[Record set Boundary: Start]

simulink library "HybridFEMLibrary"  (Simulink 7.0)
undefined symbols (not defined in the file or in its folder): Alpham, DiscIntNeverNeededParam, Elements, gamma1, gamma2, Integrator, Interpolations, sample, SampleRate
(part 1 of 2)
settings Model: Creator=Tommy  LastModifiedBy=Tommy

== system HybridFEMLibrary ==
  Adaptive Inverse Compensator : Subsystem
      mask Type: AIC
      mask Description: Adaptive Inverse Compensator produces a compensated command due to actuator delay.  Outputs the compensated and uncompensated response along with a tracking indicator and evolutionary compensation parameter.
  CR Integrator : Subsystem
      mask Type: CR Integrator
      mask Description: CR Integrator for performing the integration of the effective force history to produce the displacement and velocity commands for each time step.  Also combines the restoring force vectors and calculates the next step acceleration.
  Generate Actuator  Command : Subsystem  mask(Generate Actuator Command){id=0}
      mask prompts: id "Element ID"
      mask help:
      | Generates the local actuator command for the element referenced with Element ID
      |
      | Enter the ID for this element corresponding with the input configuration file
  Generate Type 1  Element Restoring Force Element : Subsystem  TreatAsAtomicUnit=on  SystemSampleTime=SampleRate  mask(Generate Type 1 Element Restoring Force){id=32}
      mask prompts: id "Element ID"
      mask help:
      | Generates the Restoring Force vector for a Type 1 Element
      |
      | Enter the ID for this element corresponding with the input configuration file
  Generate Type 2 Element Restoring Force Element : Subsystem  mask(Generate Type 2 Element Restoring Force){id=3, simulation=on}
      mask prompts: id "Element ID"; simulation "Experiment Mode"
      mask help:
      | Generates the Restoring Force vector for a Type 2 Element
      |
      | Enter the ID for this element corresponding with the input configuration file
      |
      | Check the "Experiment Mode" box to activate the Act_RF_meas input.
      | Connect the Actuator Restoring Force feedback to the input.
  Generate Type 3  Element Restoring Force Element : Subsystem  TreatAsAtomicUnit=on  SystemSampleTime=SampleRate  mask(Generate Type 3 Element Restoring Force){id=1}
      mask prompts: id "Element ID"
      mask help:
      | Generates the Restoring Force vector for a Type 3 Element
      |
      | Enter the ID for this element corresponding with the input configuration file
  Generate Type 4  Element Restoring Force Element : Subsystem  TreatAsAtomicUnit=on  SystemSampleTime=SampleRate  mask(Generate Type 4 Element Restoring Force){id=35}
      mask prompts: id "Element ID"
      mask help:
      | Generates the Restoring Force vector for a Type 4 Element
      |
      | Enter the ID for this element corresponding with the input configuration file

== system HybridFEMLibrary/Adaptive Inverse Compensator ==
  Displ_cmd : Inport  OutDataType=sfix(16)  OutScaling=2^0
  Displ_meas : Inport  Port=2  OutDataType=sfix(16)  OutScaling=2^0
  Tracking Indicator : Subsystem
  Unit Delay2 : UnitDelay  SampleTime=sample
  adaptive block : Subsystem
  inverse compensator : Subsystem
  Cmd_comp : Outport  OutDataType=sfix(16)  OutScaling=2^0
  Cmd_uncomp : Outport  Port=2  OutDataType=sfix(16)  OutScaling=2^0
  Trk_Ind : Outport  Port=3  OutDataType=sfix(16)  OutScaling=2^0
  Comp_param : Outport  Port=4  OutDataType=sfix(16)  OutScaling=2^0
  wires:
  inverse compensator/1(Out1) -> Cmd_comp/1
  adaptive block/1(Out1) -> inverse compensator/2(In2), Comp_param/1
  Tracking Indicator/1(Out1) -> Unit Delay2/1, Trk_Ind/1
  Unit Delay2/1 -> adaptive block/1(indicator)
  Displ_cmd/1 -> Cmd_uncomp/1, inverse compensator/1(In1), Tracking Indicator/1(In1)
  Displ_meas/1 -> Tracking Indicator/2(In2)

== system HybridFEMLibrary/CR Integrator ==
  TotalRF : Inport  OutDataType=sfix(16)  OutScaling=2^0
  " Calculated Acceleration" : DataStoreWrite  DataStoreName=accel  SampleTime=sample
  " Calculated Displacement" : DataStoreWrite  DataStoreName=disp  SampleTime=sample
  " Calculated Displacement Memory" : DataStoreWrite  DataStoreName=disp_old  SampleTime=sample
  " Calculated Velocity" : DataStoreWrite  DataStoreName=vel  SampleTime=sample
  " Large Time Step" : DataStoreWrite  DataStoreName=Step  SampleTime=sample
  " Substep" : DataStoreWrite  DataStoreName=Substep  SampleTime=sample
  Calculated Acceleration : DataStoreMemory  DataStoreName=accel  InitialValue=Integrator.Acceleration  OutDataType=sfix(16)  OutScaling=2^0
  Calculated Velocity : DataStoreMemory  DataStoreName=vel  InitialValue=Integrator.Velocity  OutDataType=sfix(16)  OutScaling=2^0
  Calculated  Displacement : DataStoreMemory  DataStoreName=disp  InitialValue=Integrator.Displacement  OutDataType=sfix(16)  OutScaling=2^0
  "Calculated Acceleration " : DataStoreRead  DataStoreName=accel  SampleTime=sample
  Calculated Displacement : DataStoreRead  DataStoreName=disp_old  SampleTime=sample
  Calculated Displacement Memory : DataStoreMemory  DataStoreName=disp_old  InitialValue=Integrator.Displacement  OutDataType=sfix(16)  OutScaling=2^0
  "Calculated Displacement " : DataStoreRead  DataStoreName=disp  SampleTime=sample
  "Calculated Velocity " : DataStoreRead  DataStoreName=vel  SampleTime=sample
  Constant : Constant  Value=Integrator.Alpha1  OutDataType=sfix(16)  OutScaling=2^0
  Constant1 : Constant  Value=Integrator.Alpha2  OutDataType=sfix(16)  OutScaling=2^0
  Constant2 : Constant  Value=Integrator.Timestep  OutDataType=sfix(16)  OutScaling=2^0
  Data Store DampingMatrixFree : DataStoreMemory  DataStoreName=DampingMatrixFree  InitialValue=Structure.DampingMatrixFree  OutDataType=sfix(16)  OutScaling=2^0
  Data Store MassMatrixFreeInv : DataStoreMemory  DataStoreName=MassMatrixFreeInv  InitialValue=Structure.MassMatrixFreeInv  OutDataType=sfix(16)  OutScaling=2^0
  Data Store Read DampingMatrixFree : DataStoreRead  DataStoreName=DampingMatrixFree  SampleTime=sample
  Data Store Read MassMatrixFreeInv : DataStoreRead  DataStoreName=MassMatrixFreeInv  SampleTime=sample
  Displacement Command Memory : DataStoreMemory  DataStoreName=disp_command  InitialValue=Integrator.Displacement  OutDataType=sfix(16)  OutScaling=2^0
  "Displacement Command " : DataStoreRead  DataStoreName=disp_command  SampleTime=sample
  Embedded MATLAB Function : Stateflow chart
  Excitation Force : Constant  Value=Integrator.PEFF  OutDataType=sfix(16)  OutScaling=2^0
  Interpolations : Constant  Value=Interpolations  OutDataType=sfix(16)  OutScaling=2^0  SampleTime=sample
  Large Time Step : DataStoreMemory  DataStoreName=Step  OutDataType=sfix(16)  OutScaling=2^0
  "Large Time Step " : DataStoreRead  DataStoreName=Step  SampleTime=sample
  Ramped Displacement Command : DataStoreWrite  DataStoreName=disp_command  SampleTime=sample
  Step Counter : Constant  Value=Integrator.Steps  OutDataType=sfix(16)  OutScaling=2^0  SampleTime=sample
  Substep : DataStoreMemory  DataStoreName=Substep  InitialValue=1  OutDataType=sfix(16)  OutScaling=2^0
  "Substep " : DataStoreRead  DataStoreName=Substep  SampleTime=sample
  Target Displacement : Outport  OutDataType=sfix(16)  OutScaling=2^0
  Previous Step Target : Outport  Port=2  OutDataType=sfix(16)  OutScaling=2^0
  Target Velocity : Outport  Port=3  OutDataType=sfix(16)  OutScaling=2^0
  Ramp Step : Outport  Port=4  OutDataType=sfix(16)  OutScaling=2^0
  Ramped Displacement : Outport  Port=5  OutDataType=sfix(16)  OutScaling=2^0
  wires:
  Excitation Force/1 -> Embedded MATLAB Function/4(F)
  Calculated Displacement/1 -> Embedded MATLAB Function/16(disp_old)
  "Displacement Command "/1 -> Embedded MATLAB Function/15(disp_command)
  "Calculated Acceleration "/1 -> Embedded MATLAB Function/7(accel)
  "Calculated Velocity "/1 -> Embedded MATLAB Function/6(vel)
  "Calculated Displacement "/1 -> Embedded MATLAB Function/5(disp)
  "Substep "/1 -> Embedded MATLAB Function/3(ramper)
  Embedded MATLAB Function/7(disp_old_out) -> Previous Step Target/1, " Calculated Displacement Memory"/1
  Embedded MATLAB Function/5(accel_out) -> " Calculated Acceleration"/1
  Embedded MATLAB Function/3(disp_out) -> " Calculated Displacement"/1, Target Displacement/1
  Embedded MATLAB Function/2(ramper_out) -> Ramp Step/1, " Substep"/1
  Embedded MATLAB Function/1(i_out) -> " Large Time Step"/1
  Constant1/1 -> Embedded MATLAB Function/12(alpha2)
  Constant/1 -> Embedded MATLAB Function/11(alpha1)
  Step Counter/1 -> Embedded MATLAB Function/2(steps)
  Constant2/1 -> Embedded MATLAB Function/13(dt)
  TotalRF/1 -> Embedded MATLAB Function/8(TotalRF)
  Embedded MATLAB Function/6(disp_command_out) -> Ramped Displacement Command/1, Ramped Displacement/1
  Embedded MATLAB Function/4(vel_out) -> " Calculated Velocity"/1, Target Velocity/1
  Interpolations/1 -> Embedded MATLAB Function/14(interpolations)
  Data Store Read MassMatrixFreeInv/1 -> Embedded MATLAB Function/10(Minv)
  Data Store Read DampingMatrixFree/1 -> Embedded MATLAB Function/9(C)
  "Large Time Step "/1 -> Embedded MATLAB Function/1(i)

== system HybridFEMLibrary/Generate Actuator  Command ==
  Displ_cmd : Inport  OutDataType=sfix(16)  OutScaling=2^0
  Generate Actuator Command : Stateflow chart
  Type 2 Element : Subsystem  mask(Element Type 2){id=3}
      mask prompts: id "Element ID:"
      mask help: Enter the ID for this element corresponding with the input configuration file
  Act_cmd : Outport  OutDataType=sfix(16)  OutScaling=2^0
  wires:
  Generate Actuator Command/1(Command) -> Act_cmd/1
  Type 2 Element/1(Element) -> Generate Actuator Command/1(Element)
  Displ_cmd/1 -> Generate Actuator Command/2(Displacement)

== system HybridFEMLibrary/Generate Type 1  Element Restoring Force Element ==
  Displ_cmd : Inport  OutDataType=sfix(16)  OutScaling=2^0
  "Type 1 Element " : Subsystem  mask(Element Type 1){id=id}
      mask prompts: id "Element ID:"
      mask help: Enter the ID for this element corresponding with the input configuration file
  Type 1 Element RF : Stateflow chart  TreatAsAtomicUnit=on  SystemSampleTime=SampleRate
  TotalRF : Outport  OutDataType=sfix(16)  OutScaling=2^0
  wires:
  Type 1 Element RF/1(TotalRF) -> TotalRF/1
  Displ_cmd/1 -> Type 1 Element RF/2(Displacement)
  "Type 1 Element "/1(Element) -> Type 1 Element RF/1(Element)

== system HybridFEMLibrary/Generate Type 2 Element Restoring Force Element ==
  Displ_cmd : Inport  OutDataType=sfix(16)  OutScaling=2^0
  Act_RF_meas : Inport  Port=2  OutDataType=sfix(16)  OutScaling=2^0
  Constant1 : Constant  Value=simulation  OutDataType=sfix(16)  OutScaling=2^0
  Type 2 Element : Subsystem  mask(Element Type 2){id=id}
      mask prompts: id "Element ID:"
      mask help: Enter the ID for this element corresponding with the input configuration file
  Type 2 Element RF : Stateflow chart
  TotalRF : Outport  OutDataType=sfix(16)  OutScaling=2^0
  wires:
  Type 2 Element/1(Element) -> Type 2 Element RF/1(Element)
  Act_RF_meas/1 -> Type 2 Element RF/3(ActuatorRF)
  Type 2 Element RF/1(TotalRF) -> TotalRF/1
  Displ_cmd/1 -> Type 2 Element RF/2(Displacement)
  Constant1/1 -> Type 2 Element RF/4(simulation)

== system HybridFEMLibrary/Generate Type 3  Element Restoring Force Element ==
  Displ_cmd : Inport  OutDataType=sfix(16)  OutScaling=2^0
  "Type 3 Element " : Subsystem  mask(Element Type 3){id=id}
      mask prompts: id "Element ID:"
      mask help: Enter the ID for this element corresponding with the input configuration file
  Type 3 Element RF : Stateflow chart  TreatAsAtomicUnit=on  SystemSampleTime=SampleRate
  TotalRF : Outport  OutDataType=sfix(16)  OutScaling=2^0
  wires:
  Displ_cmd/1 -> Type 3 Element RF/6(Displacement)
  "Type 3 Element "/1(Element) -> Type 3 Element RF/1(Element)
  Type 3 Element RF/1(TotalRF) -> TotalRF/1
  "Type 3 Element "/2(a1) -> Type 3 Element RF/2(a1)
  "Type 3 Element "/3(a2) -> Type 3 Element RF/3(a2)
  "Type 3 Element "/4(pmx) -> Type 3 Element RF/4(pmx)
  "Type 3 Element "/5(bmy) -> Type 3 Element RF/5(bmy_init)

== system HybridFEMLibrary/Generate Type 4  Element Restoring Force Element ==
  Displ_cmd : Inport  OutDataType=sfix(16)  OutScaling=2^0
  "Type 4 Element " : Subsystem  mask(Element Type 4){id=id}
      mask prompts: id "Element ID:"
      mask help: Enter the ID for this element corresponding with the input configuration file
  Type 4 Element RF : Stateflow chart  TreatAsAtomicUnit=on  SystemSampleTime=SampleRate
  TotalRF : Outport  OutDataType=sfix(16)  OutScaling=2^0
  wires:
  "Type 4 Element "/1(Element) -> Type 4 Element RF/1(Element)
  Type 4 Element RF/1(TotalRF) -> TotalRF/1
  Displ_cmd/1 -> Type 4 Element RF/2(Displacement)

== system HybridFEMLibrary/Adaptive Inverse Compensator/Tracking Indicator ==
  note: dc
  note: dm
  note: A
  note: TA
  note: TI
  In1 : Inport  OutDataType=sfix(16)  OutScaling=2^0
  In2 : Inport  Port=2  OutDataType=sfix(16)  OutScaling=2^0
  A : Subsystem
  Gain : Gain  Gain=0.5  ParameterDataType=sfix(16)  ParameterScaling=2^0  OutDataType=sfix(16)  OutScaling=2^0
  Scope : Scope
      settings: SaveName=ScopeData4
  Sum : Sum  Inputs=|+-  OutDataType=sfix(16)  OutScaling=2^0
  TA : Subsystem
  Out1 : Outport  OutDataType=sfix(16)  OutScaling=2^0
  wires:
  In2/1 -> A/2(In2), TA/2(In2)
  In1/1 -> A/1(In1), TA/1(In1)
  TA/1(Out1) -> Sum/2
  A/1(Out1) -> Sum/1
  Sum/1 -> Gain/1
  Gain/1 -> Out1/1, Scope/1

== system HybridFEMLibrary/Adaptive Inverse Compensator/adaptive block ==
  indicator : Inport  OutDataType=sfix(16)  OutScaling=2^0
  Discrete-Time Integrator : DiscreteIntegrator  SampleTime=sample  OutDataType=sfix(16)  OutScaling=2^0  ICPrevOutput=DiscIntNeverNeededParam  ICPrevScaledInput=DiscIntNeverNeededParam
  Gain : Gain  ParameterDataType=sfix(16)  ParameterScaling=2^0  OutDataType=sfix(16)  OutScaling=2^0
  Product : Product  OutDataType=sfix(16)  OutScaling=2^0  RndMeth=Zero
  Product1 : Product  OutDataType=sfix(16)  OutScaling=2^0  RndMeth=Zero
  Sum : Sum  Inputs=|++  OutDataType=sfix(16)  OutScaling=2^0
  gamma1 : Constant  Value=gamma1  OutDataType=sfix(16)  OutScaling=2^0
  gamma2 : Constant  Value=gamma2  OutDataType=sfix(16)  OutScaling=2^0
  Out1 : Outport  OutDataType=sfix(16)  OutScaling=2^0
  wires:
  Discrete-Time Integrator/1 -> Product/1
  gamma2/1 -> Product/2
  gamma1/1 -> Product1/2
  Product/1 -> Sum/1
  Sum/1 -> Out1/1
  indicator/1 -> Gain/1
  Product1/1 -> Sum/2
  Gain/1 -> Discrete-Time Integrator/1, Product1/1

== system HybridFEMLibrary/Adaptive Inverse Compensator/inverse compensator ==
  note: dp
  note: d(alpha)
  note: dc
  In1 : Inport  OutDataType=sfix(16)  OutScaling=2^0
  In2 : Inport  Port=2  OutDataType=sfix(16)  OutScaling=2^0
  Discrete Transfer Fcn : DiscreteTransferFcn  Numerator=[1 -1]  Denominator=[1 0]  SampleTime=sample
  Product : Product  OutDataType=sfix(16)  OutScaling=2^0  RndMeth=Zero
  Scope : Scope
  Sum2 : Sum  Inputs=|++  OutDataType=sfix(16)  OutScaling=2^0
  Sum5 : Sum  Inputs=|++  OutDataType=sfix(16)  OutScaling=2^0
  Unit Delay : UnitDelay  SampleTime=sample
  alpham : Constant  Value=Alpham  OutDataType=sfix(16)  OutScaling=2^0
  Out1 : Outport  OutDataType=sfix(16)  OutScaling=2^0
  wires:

[Record set Boundary: End]

• _Exercise goal_:
Using the data above, repeat exactly the lines that begin at the line with "Constant2/1 -> Embedded" and end at the line with "system HybridFEMLibrary/Generate Actuator", both ends included.

• _Solution to this task_:
  Constant2/1 -> Embedded MATLAB Function/13(dt)
  TotalRF/1 -> Embedded MATLAB Function/8(TotalRF)
  Embedded MATLAB Function/6(disp_command_out) -> Ramped Displacement Command/1, Ramped Displacement/1
  Embedded MATLAB Function/4(vel_out) -> " Calculated Velocity"/1, Target Velocity/1
  Interpolations/1 -> Embedded MATLAB Function/14(interpolations)
  Data Store Read MassMatrixFreeInv/1 -> Embedded MATLAB Function/10(Minv)
  Data Store Read DampingMatrixFree/1 -> Embedded MATLAB Function/9(C)
  "Large Time Step "/1 -> Embedded MATLAB Function/1(i)

== system HybridFEMLibrary/Generate Actuator  Command ==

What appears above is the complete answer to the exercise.